## Task description
Below is a block of entries; repeat exactly the lines starting at the line that contains "line L5 (-7, 6.8764) -> (8, 6.8764)" and ending at the line that contains "circle A0 centre (106.4944, 4) radius 2", both included.

(Records from a collection)

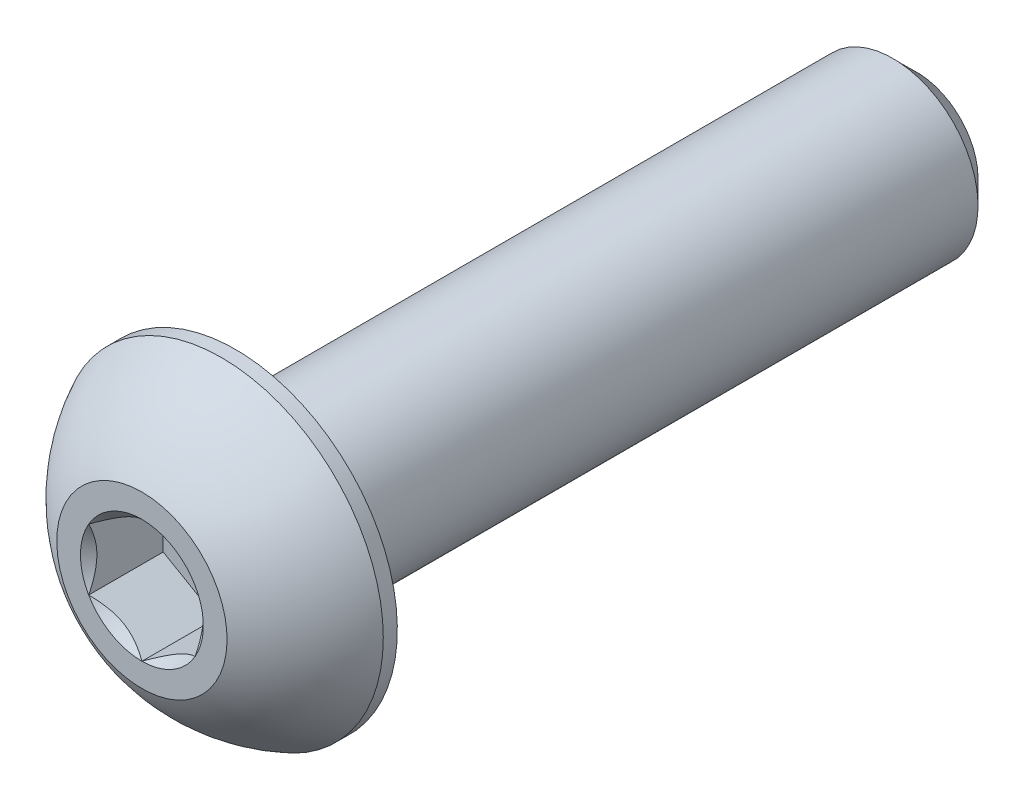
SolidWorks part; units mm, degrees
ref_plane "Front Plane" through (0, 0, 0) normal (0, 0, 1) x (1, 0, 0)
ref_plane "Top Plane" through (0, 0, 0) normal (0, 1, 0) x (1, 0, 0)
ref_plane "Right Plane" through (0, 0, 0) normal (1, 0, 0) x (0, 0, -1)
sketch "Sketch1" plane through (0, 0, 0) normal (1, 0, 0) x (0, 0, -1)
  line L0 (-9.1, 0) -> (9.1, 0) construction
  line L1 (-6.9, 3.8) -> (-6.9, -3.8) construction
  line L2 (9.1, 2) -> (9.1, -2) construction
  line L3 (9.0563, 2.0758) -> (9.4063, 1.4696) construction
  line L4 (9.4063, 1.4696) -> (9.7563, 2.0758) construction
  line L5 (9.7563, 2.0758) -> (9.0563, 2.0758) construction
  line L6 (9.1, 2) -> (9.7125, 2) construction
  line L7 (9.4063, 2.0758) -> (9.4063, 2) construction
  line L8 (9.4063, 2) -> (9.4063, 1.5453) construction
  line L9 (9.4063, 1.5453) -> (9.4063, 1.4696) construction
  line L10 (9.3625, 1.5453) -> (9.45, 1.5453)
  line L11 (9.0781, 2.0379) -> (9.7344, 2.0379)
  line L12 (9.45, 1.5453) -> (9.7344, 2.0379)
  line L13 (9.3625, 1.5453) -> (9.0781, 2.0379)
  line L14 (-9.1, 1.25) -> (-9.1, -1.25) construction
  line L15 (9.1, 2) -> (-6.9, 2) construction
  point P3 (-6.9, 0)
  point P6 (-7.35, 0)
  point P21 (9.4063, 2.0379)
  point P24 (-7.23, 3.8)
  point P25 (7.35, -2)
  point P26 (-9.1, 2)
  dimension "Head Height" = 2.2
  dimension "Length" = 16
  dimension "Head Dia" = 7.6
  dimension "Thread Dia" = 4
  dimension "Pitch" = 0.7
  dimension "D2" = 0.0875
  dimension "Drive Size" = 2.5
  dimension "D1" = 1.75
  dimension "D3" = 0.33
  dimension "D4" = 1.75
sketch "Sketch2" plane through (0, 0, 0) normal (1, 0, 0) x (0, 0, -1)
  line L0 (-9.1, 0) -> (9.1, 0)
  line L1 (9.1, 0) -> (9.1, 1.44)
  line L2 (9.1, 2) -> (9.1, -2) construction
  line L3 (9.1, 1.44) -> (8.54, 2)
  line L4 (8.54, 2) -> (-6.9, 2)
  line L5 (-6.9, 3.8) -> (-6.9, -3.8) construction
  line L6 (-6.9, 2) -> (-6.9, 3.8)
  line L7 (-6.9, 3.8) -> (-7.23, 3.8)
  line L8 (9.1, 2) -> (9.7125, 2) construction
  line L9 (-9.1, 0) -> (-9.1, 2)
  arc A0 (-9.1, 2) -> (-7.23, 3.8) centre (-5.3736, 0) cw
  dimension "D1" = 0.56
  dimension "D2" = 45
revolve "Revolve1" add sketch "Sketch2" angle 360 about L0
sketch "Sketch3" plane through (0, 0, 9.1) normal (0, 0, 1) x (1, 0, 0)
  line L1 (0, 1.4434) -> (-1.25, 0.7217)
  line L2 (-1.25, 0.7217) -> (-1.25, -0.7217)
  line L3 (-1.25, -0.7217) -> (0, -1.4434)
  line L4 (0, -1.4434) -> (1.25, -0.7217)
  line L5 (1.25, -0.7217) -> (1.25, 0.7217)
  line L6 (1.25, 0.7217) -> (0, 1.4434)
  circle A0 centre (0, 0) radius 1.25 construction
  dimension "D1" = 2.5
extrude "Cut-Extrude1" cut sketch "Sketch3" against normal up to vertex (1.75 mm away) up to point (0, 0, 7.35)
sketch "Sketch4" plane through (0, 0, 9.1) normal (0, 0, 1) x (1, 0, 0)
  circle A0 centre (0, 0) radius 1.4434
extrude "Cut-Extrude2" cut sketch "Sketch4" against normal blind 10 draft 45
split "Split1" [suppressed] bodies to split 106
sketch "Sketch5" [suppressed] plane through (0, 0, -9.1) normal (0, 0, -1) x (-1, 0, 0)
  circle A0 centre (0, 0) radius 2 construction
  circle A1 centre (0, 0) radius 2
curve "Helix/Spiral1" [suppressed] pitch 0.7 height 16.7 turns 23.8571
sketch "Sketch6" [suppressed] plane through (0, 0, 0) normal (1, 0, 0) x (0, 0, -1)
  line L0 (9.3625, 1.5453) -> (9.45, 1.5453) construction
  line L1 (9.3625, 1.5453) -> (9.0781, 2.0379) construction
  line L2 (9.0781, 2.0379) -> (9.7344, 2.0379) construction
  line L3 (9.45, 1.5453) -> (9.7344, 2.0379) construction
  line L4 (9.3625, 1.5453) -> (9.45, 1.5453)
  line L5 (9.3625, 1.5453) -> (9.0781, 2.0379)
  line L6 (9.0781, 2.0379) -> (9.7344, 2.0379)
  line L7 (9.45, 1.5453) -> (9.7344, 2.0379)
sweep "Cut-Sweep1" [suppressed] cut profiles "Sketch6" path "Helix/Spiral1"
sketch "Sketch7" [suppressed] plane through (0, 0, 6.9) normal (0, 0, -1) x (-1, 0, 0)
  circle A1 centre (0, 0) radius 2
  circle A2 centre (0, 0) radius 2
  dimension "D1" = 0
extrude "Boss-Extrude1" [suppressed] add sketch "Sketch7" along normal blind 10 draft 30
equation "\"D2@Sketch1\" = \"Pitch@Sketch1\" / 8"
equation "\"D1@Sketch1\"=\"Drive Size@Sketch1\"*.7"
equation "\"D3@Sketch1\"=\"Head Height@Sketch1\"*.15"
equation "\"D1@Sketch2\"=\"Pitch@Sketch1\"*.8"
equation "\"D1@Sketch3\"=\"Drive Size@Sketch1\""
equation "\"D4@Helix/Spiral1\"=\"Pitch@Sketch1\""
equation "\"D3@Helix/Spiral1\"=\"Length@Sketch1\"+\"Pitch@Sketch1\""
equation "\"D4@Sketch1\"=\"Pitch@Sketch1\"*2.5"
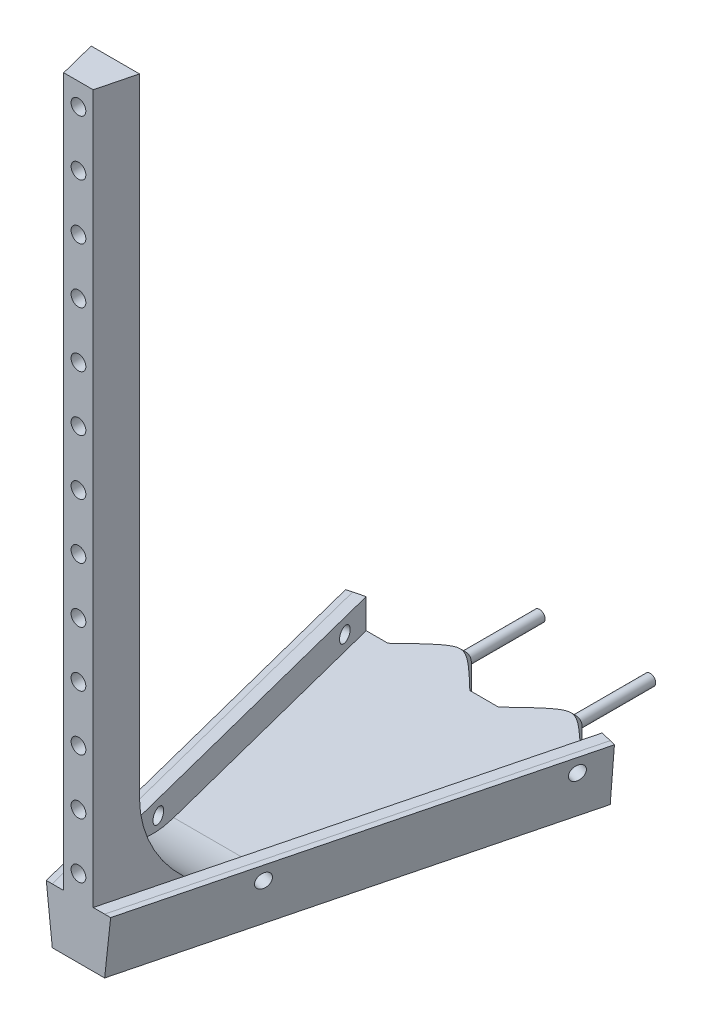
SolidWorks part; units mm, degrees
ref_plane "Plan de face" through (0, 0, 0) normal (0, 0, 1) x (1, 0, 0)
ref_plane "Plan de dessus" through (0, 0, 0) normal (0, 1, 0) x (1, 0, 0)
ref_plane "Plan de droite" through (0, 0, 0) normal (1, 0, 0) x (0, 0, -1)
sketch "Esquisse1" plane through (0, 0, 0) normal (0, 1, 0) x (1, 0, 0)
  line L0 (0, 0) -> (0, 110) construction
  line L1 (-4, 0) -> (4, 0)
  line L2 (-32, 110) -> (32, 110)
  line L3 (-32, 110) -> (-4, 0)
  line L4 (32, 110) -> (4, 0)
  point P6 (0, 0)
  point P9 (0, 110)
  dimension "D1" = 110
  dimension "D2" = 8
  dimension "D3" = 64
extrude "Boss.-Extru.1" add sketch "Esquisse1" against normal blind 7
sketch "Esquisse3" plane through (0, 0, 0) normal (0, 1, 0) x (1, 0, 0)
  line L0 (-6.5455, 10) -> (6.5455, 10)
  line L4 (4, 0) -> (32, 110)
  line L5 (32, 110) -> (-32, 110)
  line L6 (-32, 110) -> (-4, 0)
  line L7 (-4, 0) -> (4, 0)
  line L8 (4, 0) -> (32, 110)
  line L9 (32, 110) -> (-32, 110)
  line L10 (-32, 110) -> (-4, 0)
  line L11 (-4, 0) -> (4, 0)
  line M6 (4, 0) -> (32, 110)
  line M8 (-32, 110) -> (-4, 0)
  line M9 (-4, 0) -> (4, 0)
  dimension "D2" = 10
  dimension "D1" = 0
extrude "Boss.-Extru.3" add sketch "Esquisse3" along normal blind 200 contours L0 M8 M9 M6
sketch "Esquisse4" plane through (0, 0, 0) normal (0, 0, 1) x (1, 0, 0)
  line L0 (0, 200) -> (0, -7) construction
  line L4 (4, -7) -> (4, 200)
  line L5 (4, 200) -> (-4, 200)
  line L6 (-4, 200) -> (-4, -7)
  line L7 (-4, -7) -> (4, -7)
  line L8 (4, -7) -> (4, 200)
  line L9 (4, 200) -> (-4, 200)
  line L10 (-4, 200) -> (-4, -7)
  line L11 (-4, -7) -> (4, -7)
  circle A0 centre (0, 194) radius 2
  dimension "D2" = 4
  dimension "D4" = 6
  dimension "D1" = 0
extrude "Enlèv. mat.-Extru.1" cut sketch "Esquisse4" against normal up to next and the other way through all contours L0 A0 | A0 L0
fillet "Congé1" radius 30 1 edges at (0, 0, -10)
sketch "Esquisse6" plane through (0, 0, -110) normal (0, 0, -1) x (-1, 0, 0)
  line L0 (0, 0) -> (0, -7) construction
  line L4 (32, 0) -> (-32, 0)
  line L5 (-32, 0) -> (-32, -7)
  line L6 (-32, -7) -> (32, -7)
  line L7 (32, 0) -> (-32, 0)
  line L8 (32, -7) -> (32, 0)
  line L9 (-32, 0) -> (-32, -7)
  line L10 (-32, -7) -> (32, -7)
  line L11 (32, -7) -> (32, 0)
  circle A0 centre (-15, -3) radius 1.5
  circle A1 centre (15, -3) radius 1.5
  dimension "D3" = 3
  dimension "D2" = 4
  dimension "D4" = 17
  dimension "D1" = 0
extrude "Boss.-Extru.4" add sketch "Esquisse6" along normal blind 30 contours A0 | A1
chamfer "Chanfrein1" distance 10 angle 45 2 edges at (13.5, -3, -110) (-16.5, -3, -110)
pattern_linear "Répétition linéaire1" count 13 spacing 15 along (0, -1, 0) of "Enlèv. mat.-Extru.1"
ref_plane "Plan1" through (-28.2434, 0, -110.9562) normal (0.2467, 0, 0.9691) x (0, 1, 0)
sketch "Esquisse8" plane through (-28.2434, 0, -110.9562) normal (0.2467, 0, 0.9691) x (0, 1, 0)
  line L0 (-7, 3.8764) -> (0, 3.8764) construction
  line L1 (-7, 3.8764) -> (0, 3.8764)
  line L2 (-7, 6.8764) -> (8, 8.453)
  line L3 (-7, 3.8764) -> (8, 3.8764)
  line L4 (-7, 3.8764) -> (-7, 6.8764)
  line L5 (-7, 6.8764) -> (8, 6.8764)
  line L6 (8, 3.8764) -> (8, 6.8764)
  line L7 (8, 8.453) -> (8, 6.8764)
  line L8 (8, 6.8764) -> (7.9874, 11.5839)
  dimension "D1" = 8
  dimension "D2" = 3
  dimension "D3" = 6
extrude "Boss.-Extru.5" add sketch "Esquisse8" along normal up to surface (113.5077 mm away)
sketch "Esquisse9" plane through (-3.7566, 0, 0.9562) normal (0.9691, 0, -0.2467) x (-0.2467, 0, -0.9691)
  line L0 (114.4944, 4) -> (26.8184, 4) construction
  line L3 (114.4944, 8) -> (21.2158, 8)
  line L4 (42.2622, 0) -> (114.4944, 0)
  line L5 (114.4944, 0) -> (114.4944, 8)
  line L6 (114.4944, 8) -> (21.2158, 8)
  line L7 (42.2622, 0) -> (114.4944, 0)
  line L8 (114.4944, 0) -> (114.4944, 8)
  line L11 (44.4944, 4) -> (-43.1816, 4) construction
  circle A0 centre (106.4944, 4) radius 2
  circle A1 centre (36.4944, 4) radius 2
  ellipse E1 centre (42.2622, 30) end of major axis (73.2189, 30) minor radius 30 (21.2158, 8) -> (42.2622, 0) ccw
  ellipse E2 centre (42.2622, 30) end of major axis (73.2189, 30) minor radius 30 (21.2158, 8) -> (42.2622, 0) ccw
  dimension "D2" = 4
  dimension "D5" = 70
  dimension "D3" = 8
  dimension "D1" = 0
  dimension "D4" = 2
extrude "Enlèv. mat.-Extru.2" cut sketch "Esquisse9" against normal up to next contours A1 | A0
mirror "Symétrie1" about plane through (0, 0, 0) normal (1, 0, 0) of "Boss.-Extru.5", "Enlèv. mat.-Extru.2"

## Response to the task
  line L5 (-7, 6.8764) -> (8, 6.8764)
  line L6 (8, 3.8764) -> (8, 6.8764)
  line L7 (8, 8.453) -> (8, 6.8764)
  line L8 (8, 6.8764) -> (7.9874, 11.5839)
  dimension "D1" = 8
  dimension "D2" = 3
  dimension "D3" = 6
extrude "Boss.-Extru.5" add sketch "Esquisse8" along normal up to surface (113.5077 mm away)
sketch "Esquisse9" plane through (-3.7566, 0, 0.9562) normal (0.9691, 0, -0.2467) x (-0.2467, 0, -0.9691)
  line L0 (114.4944, 4) -> (26.8184, 4) construction
  line L3 (114.4944, 8) -> (21.2158, 8)
  line L4 (42.2622, 0) -> (114.4944, 0)
  line L5 (114.4944, 0) -> (114.4944, 8)
  line L6 (114.4944, 8) -> (21.2158, 8)
  line L7 (42.2622, 0) -> (114.4944, 0)
  line L8 (114.4944, 0) -> (114.4944, 8)
  line L11 (44.4944, 4) -> (-43.1816, 4) construction
  circle A0 centre (106.4944, 4) radius 2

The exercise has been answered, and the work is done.